Retrieval
FAISS-powered semantic search lets you index documents and retrieve only the relevant chunks for your query. Combined with deduplication and importance scoring, this dramatically reduces context size for RAG applications.
Installation
pip install infershrink[retrieval]
This installs faiss-cpu and sentence-transformers.

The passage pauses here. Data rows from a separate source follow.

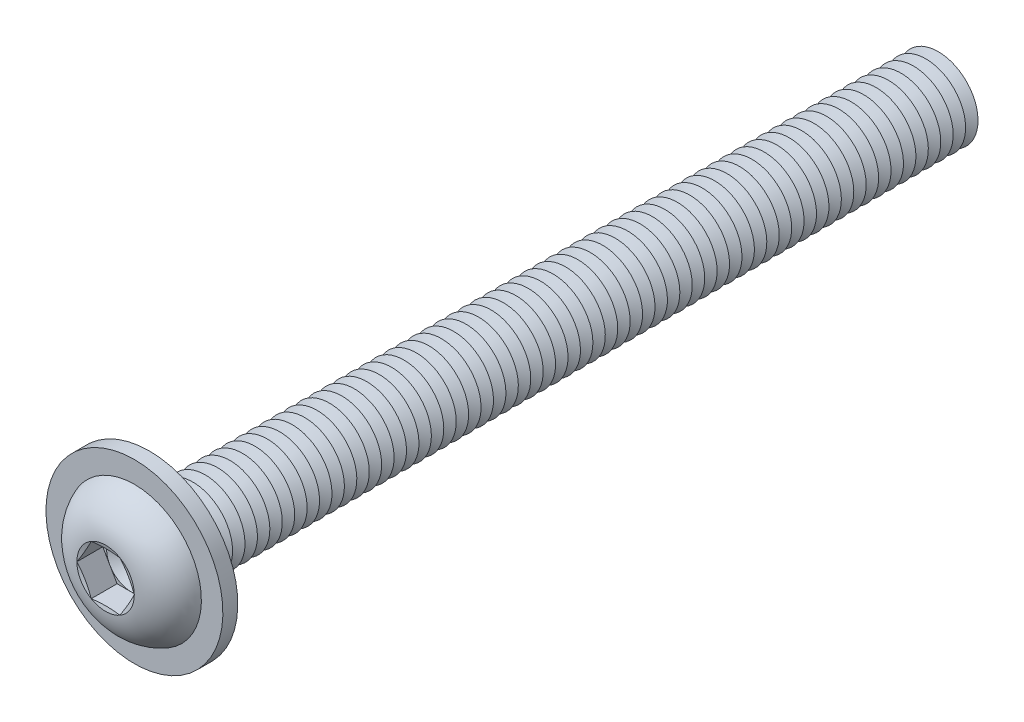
ISO-10303-21;
HEADER;
FILE_DESCRIPTION(('STEP AP214'),'2;1');
FILE_NAME('part.step','',(''),(''),'','','');
FILE_SCHEMA(('AUTOMOTIVE_DESIGN { 1 0 10303 214 1 1 1 1 }'));
ENDSEC;
DATA;
#1=APPLICATION_CONTEXT('core data for automotive mechanical design processes');
#2=APPLICATION_PROTOCOL_DEFINITION('international standard','automotive_design',2000,#1);
#3=PRODUCT_CONTEXT('',#1,'mechanical');
#4=PRODUCT('Part','Part','',(#3));
#5=PRODUCT_RELATED_PRODUCT_CATEGORY('part','',(#4));
#6=PRODUCT_DEFINITION_FORMATION('','',#4);
#7=PRODUCT_DEFINITION_CONTEXT('part definition',#1,'design');
#8=PRODUCT_DEFINITION('design','',#6,#7);
#9=PRODUCT_DEFINITION_SHAPE('','',#8);
#10=(LENGTH_UNIT() NAMED_UNIT(*) SI_UNIT(.MILLI.,.METRE.));
#11=(NAMED_UNIT(*) PLANE_ANGLE_UNIT() SI_UNIT($,.RADIAN.));
#12=(NAMED_UNIT(*) SI_UNIT($,.STERADIAN.) SOLID_ANGLE_UNIT());
#13=UNCERTAINTY_MEASURE_WITH_UNIT(LENGTH_MEASURE(1.E-05),#10,'distance_accuracy_value','');
#14=(GEOMETRIC_REPRESENTATION_CONTEXT(3) GLOBAL_UNCERTAINTY_ASSIGNED_CONTEXT((#13)) GLOBAL_UNIT_ASSIGNED_CONTEXT((#10,
#11,#12)) REPRESENTATION_CONTEXT('',''));
#15=CARTESIAN_POINT('',(0.,0.,0.));
#16=DIRECTION('',(0.,0.,1.));
#17=DIRECTION('',(1.,0.,0.));
#18=AXIS2_PLACEMENT_3D('',#15,#16,#17);
#19=CARTESIAN_POINT('',(0.,0.,-75.625));
#20=DIRECTION('',(0.,0.,1.));
#21=DIRECTION('',(0.,-1.,0.));
#22=AXIS2_PLACEMENT_3D('',#19,#20,#21);
#23=CONICAL_SURFACE('',#22,3.99999999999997,1.0471975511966);
#24=CARTESIAN_POINT('',(0.,0.,-76.25));
#25=DIRECTION('',(0.,0.,1.));
#26=DIRECTION('',(0.,-1.,0.));
#27=AXIS2_PLACEMENT_3D('',#24,#25,#26);
#28=CIRCLE('',#27,2.91746824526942);
#29=CARTESIAN_POINT('',(0.,-2.91746824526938,-76.25));
#30=VERTEX_POINT('',#29);
#31=EDGE_CURVE('E721',#30,#30,#28,.T.);
#32=ORIENTED_EDGE('',*,*,#31,.T.);
#33=EDGE_LOOP('',(#32));
#34=FACE_BOUND('',#33,.T.);
#35=CARTESIAN_POINT('',(0.,0.,-75.625));
#36=DIRECTION('',(0.,0.,1.));
#37=DIRECTION('',(0.,-1.,0.));
#38=AXIS2_PLACEMENT_3D('',#35,#36,#37);
#39=CIRCLE('',#38,3.99999999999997);
#40=CARTESIAN_POINT('',(0.,-3.99999999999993,-75.625));
#41=VERTEX_POINT('',#40);
#42=EDGE_CURVE('E717',#41,#41,#39,.T.);
#43=ORIENTED_EDGE('',*,*,#42,.F.);
#44=EDGE_LOOP('',(#43));
#45=FACE_BOUND('',#44,.T.);
#46=ADVANCED_FACE('F39',(#34,#45),#23,.T.);
#47=CARTESIAN_POINT('',(0.,0.,-76.25));
#48=DIRECTION('',(0.,0.,-1.));
#49=DIRECTION('',(0.,1.,0.));
#50=AXIS2_PLACEMENT_3D('',#47,#48,#49);
#51=CONICAL_SURFACE('',#50,2.91746824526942,1.0471975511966);
#52=CARTESIAN_POINT('',(0.,0.,-76.875));
#53=DIRECTION('',(0.,0.,1.));
#54=DIRECTION('',(0.,-1.,0.));
#55=AXIS2_PLACEMENT_3D('',#52,#53,#54);
#56=CIRCLE('',#55,3.99999999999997);
#57=CARTESIAN_POINT('',(0.,-3.99999999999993,-76.875));
#58=VERTEX_POINT('',#57);
#59=EDGE_CURVE('E725',#58,#58,#56,.T.);
#60=ORIENTED_EDGE('',*,*,#59,.T.);
#61=EDGE_LOOP('',(#60));
#62=FACE_BOUND('',#61,.T.);
#63=ORIENTED_EDGE('',*,*,#31,.F.);
#64=EDGE_LOOP('',(#63));
#65=FACE_BOUND('',#64,.T.);
#66=ADVANCED_FACE('F840',(#62,#65),#51,.T.);
#67=CARTESIAN_POINT('',(0.,3.99999999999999,-80.));
#68=DIRECTION('',(0.,0.,-1.));
#69=DIRECTION('',(0.,1.,0.));
#70=AXIS2_PLACEMENT_3D('',#67,#68,#69);
#71=PLANE('',#70);
#72=CARTESIAN_POINT('',(0.,0.,-80.));
#73=DIRECTION('',(0.,0.,1.));
#74=DIRECTION('',(0.,-1.,0.));
#75=AXIS2_PLACEMENT_3D('',#72,#73,#74);
#76=CIRCLE('',#75,2.91746824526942);
#77=CARTESIAN_POINT('',(0.,-2.91746824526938,-80.));
#78=VERTEX_POINT('',#77);
#79=EDGE_CURVE('E745',#78,#78,#76,.T.);
#80=ORIENTED_EDGE('',*,*,#79,.F.);
#81=EDGE_LOOP('',(#80));
#82=FACE_BOUND('',#81,.T.);
#83=ADVANCED_FACE('F846',(#82),#71,.T.);
#84=CARTESIAN_POINT('',(0.,0.,-79.375));
#85=DIRECTION('',(0.,0.,1.));
#86=DIRECTION('',(0.,-1.,0.));
#87=AXIS2_PLACEMENT_3D('',#84,#85,#86);
#88=CONICAL_SURFACE('',#87,3.99999999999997,1.0471975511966);
#89=ORIENTED_EDGE('',*,*,#79,.T.);
#90=EDGE_LOOP('',(#89));
#91=FACE_BOUND('',#90,.T.);
#92=CARTESIAN_POINT('',(0.,0.,-79.375));
#93=DIRECTION('',(0.,0.,1.));
#94=DIRECTION('',(0.,-1.,0.));
#95=AXIS2_PLACEMENT_3D('',#92,#93,#94);
#96=CIRCLE('',#95,3.99999999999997);
#97=CARTESIAN_POINT('',(0.,-3.99999999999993,-79.375));
#98=VERTEX_POINT('',#97);
#99=EDGE_CURVE('E741',#98,#98,#96,.T.);
#100=ORIENTED_EDGE('',*,*,#99,.F.);
#101=EDGE_LOOP('',(#100));
#102=FACE_BOUND('',#101,.T.);
#103=ADVANCED_FACE('F865',(#91,#102),#88,.T.);
#104=CARTESIAN_POINT('',(0.,0.,-78.75));
#105=DIRECTION('',(0.,0.,-1.));
#106=DIRECTION('',(0.,1.,0.));
#107=AXIS2_PLACEMENT_3D('',#104,#105,#106);
#108=CONICAL_SURFACE('',#107,2.91746824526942,1.0471975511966);
#109=ORIENTED_EDGE('',*,*,#99,.T.);
#110=EDGE_LOOP('',(#109));
#111=FACE_BOUND('',#110,.T.);
#112=CARTESIAN_POINT('',(0.,0.,-78.75));
#113=DIRECTION('',(0.,0.,1.));
#114=DIRECTION('',(0.,-1.,0.));
#115=AXIS2_PLACEMENT_3D('',#112,#113,#114);
#116=CIRCLE('',#115,2.91746824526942);
#117=CARTESIAN_POINT('',(0.,-2.91746824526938,-78.75));
#118=VERTEX_POINT('',#117);
#119=EDGE_CURVE('E737',#118,#118,#116,.T.);
#120=ORIENTED_EDGE('',*,*,#119,.F.);
#121=EDGE_LOOP('',(#120));
#122=FACE_BOUND('',#121,.T.);
#123=ADVANCED_FACE('F862',(#111,#122),#108,.T.);
#124=CARTESIAN_POINT('',(0.,0.,-78.125));
#125=DIRECTION('',(0.,0.,1.));
#126=DIRECTION('',(0.,-1.,0.));
#127=AXIS2_PLACEMENT_3D('',#124,#125,#126);
#128=CONICAL_SURFACE('',#127,3.99999999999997,1.0471975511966);
#129=ORIENTED_EDGE('',*,*,#119,.T.);
#130=EDGE_LOOP('',(#129));
#131=FACE_BOUND('',#130,.T.);
#132=CARTESIAN_POINT('',(0.,0.,-78.125));
#133=DIRECTION('',(0.,0.,1.));
#134=DIRECTION('',(0.,-1.,0.));
#135=AXIS2_PLACEMENT_3D('',#132,#133,#134);
#136=CIRCLE('',#135,3.99999999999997);
#137=CARTESIAN_POINT('',(0.,-3.99999999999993,-78.125));
#138=VERTEX_POINT('',#137);
#139=EDGE_CURVE('E733',#138,#138,#136,.T.);
#140=ORIENTED_EDGE('',*,*,#139,.F.);
#141=EDGE_LOOP('',(#140));
#142=FACE_BOUND('',#141,.T.);
#143=ADVANCED_FACE('F856',(#131,#142),#128,.T.);
#144=CARTESIAN_POINT('',(0.,0.,-77.5));
#145=DIRECTION('',(0.,0.,-1.));
#146=DIRECTION('',(0.,1.,0.));
#147=AXIS2_PLACEMENT_3D('',#144,#145,#146);
#148=CONICAL_SURFACE('',#147,2.91746824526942,1.0471975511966);
#149=ORIENTED_EDGE('',*,*,#139,.T.);
#150=EDGE_LOOP('',(#149));
#151=FACE_BOUND('',#150,.T.);
#152=CARTESIAN_POINT('',(0.,0.,-77.5));
#153=DIRECTION('',(0.,0.,1.));
#154=DIRECTION('',(0.,-1.,0.));
#155=AXIS2_PLACEMENT_3D('',#152,#153,#154);
#156=CIRCLE('',#155,2.91746824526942);
#157=CARTESIAN_POINT('',(0.,-2.91746824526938,-77.5));
#158=VERTEX_POINT('',#157);
#159=EDGE_CURVE('E729',#158,#158,#156,.T.);
#160=ORIENTED_EDGE('',*,*,#159,.F.);
#161=EDGE_LOOP('',(#160));
#162=FACE_BOUND('',#161,.T.);
#163=ADVANCED_FACE('F852',(#151,#162),#148,.T.);
#164=CARTESIAN_POINT('',(0.,0.,-76.875));
#165=DIRECTION('',(0.,0.,1.));
#166=DIRECTION('',(0.,-1.,0.));
#167=AXIS2_PLACEMENT_3D('',#164,#165,#166);
#168=CONICAL_SURFACE('',#167,3.99999999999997,1.0471975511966);
#169=ORIENTED_EDGE('',*,*,#159,.T.);
#170=EDGE_LOOP('',(#169));
#171=FACE_BOUND('',#170,.T.);
#172=ORIENTED_EDGE('',*,*,#59,.F.);
#173=EDGE_LOOP('',(#172));
#174=FACE_BOUND('',#173,.T.);
#175=ADVANCED_FACE('F855',(#171,#174),#168,.T.);
#176=CARTESIAN_POINT('',(0.,0.,-74.375));
#177=DIRECTION('',(0.,0.,1.));
#178=DIRECTION('',(0.,-1.,0.));
#179=AXIS2_PLACEMENT_3D('',#176,#177,#178);
#180=CONICAL_SURFACE('',#179,3.99999999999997,1.0471975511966);
#181=CARTESIAN_POINT('',(0.,0.,-75.));
#182=DIRECTION('',(0.,0.,1.));
#183=DIRECTION('',(0.,-1.,0.));
#184=AXIS2_PLACEMENT_3D('',#181,#182,#183);
#185=CIRCLE('',#184,2.91746824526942);
#186=CARTESIAN_POINT('',(0.,-2.91746824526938,-75.));
#187=VERTEX_POINT('',#186);
#188=EDGE_CURVE('E713',#187,#187,#185,.T.);
#189=ORIENTED_EDGE('',*,*,#188,.T.);
#190=EDGE_LOOP('',(#189));
#191=FACE_BOUND('',#190,.T.);
#192=CARTESIAN_POINT('',(0.,0.,-74.375));
#193=DIRECTION('',(0.,0.,1.));
#194=DIRECTION('',(0.,-1.,0.));
#195=AXIS2_PLACEMENT_3D('',#192,#193,#194);
#196=CIRCLE('',#195,3.99999999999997);
#197=CARTESIAN_POINT('',(0.,-3.99999999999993,-74.375));
#198=VERTEX_POINT('',#197);
#199=EDGE_CURVE('E709',#198,#198,#196,.T.);
#200=ORIENTED_EDGE('',*,*,#199,.F.);
#201=EDGE_LOOP('',(#200));
#202=FACE_BOUND('',#201,.T.);
#203=ADVANCED_FACE('F860',(#191,#202),#180,.T.);
#204=CARTESIAN_POINT('',(0.,0.,-75.));
#205=DIRECTION('',(0.,0.,-1.));
#206=DIRECTION('',(0.,1.,0.));
#207=AXIS2_PLACEMENT_3D('',#204,#205,#206);
#208=CONICAL_SURFACE('',#207,2.91746824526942,1.0471975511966);
#209=ORIENTED_EDGE('',*,*,#42,.T.);
#210=EDGE_LOOP('',(#209));
#211=FACE_BOUND('',#210,.T.);
#212=ORIENTED_EDGE('',*,*,#188,.F.);
#213=EDGE_LOOP('',(#212));
#214=FACE_BOUND('',#213,.T.);
#215=ADVANCED_FACE('F911',(#211,#214),#208,.T.);
#216=CARTESIAN_POINT('',(0.,0.,-73.125));
#217=DIRECTION('',(0.,0.,1.));
#218=DIRECTION('',(0.,-1.,0.));
#219=AXIS2_PLACEMENT_3D('',#216,#217,#218);
#220=CONICAL_SURFACE('',#219,3.99999999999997,1.0471975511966);
#221=CARTESIAN_POINT('',(0.,0.,-73.75));
#222=DIRECTION('',(0.,0.,1.));
#223=DIRECTION('',(0.,-1.,0.));
#224=AXIS2_PLACEMENT_3D('',#221,#222,#223);
#225=CIRCLE('',#224,2.91746824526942);
#226=CARTESIAN_POINT('',(0.,-2.91746824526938,-73.75));
#227=VERTEX_POINT('',#226);
#228=EDGE_CURVE('E705',#227,#227,#225,.T.);
#229=ORIENTED_EDGE('',*,*,#228,.T.);
#230=EDGE_LOOP('',(#229));
#231=FACE_BOUND('',#230,.T.);
#232=CARTESIAN_POINT('',(0.,0.,-73.125));
#233=DIRECTION('',(0.,0.,1.));
#234=DIRECTION('',(0.,-1.,0.));
#235=AXIS2_PLACEMENT_3D('',#232,#233,#234);
#236=CIRCLE('',#235,3.99999999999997);
#237=CARTESIAN_POINT('',(0.,-3.99999999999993,-73.125));
#238=VERTEX_POINT('',#237);
#239=EDGE_CURVE('E701',#238,#238,#236,.T.);
#240=ORIENTED_EDGE('',*,*,#239,.F.);
#241=EDGE_LOOP('',(#240));
#242=FACE_BOUND('',#241,.T.);
#243=ADVANCED_FACE('F917',(#231,#242),#220,.T.);
#244=CARTESIAN_POINT('',(0.,0.,-73.75));
#245=DIRECTION('',(0.,0.,-1.));
#246=DIRECTION('',(0.,1.,0.));
#247=AXIS2_PLACEMENT_3D('',#244,#245,#246);
#248=CONICAL_SURFACE('',#247,2.91746824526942,1.0471975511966);
#249=ORIENTED_EDGE('',*,*,#199,.T.);
#250=EDGE_LOOP('',(#249));
#251=FACE_BOUND('',#250,.T.);
#252=ORIENTED_EDGE('',*,*,#228,.F.);
#253=EDGE_LOOP('',(#252));
#254=FACE_BOUND('',#253,.T.);
#255=ADVANCED_FACE('F924',(#251,#254),#248,.T.);
#256=CARTESIAN_POINT('',(0.,0.,-71.875));
#257=DIRECTION('',(0.,0.,1.));
#258=DIRECTION('',(0.,-1.,0.));
#259=AXIS2_PLACEMENT_3D('',#256,#257,#258);
#260=CONICAL_SURFACE('',#259,3.99999999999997,1.0471975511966);
#261=CARTESIAN_POINT('',(0.,0.,-72.5));
#262=DIRECTION('',(0.,0.,1.));
#263=DIRECTION('',(0.,-1.,0.));
#264=AXIS2_PLACEMENT_3D('',#261,#262,#263);
#265=CIRCLE('',#264,2.91746824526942);
#266=CARTESIAN_POINT('',(0.,-2.91746824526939,-72.5));
#267=VERTEX_POINT('',#266);
#268=EDGE_CURVE('E697',#267,#267,#265,.T.);
#269=ORIENTED_EDGE('',*,*,#268,.T.);
#270=EDGE_LOOP('',(#269));
#271=FACE_BOUND('',#270,.T.);
#272=CARTESIAN_POINT('',(0.,0.,-71.875));
#273=DIRECTION('',(0.,0.,1.));
#274=DIRECTION('',(0.,-1.,0.));
#275=AXIS2_PLACEMENT_3D('',#272,#273,#274);
#276=CIRCLE('',#275,3.99999999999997);
#277=CARTESIAN_POINT('',(0.,-3.99999999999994,-71.875));
#278=VERTEX_POINT('',#277);
#279=EDGE_CURVE('E693',#278,#278,#276,.T.);
#280=ORIENTED_EDGE('',*,*,#279,.F.);
#281=EDGE_LOOP('',(#280));
#282=FACE_BOUND('',#281,.T.);
#283=ADVANCED_FACE('F931',(#271,#282),#260,.T.);
#284=CARTESIAN_POINT('',(0.,0.,-72.5));
#285=DIRECTION('',(0.,0.,-1.));
#286=DIRECTION('',(0.,1.,0.));
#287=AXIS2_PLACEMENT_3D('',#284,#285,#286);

First use downloads a ~400MB embedding model.
Quick Start
from infershrink import TokenShrink
# Initialize and index your docs
ts = TokenShrink()
ts.index("./docs")
# Query with semantic search
result = ts.query("What are the API rate limits?")
print(f"Sources: {result.sources}")
print(f"Stats: {result.savings}")
print(result.context)
How It Works
- Indexing: Documents are chunked and embedded using sentence-transformers
- Search: Your query is embedded and matched against the index via cosine similarity
- Deduplication: Near-duplicate chunks are removed (configurable threshold)
- Importance scoring: Each chunk gets a score based on similarity + information density
- Compression: If LLMLingua is installed, chunks are compressed adaptively based on importance
REFRAG-inspired: High-importance chunks (relevant + dense) are preserved more, low-importance chunks are compressed aggressively.
CLI Usage
# Index a directory
infershrink index ./docs
# Query with compression
infershrink query "How do I authenticate?" --compress
# Show importance scores
infershrink query "API limits" --scores
# Raw search (no compression)
infershrink search "rate limits"
Configuration
ts = TokenShrink(
index_dir=".tokenshrink", # Where to store the index
model="all-MiniLM-L6-v2", # Embedding model
chunk_size=512, # Words per chunk
chunk_overlap=50, # Overlap between chunks
compression=True, # Enable LLMLingua (if installed)
adaptive=True, # REFRAG-inspired adaptive compression
dedup=True, # Remove near-duplicate chunks
dedup_threshold=0.85, # Cosine similarity threshold for dedup
)
Query Options
result = ts.query(
"your question",
k=5, # Number of chunks to retrieve
min_score=0.3, # Minimum similarity score
max_tokens=2000, # Target token limit
compress=True, # Override compression setting
adaptive=True, # Override adaptive setting
dedup=True, # Override dedup setting
)
Understanding Results
result = ts.query("rate limits")
# Basics
result.context # The combined, possibly compressed text
result.sources # List of source file paths
result.original_tokens # Token count before compression
result.compressed_tokens # Token count after compression
result.ratio # Compression ratio (0.3 = 70% reduction)
result.savings # Human-readable: "Saved 70% (1000 → 300 tokens)"
result.savings_pct # Just the percentage: 70.0
# Advanced (REFRAG features)
result.chunk_scores # List of ChunkScore objects
result.dedup_removed # Number of chunks removed as duplicates
# Each ChunkScore contains:
for cs in result.chunk_scores:
cs.similarity # Cosine similarity to query (0-1)
cs.density # Information density (0-1)
cs.importance # Combined score
cs.compression_ratio # Adaptive ratio for this chunk
cs.deduplicated # True if marked as duplicate
Storage Requirements
- Embedding model: ~400MB (downloaded on first use)
- Index size: Roughly 4KB per chunk indexed
- Memory: Model loads ~1GB RAM during queries
Best Practices
- Chunk size: 512 words works well for most content. Smaller chunks for code, larger for prose.
- min_score: Default 0.3 is lenient. Raise to 0.5+ for stricter relevance.
- dedup_threshold: 0.85 catches near-duplicates without being overly aggressive.
- Index location: Use a persistent directory to avoid re-indexing on every run.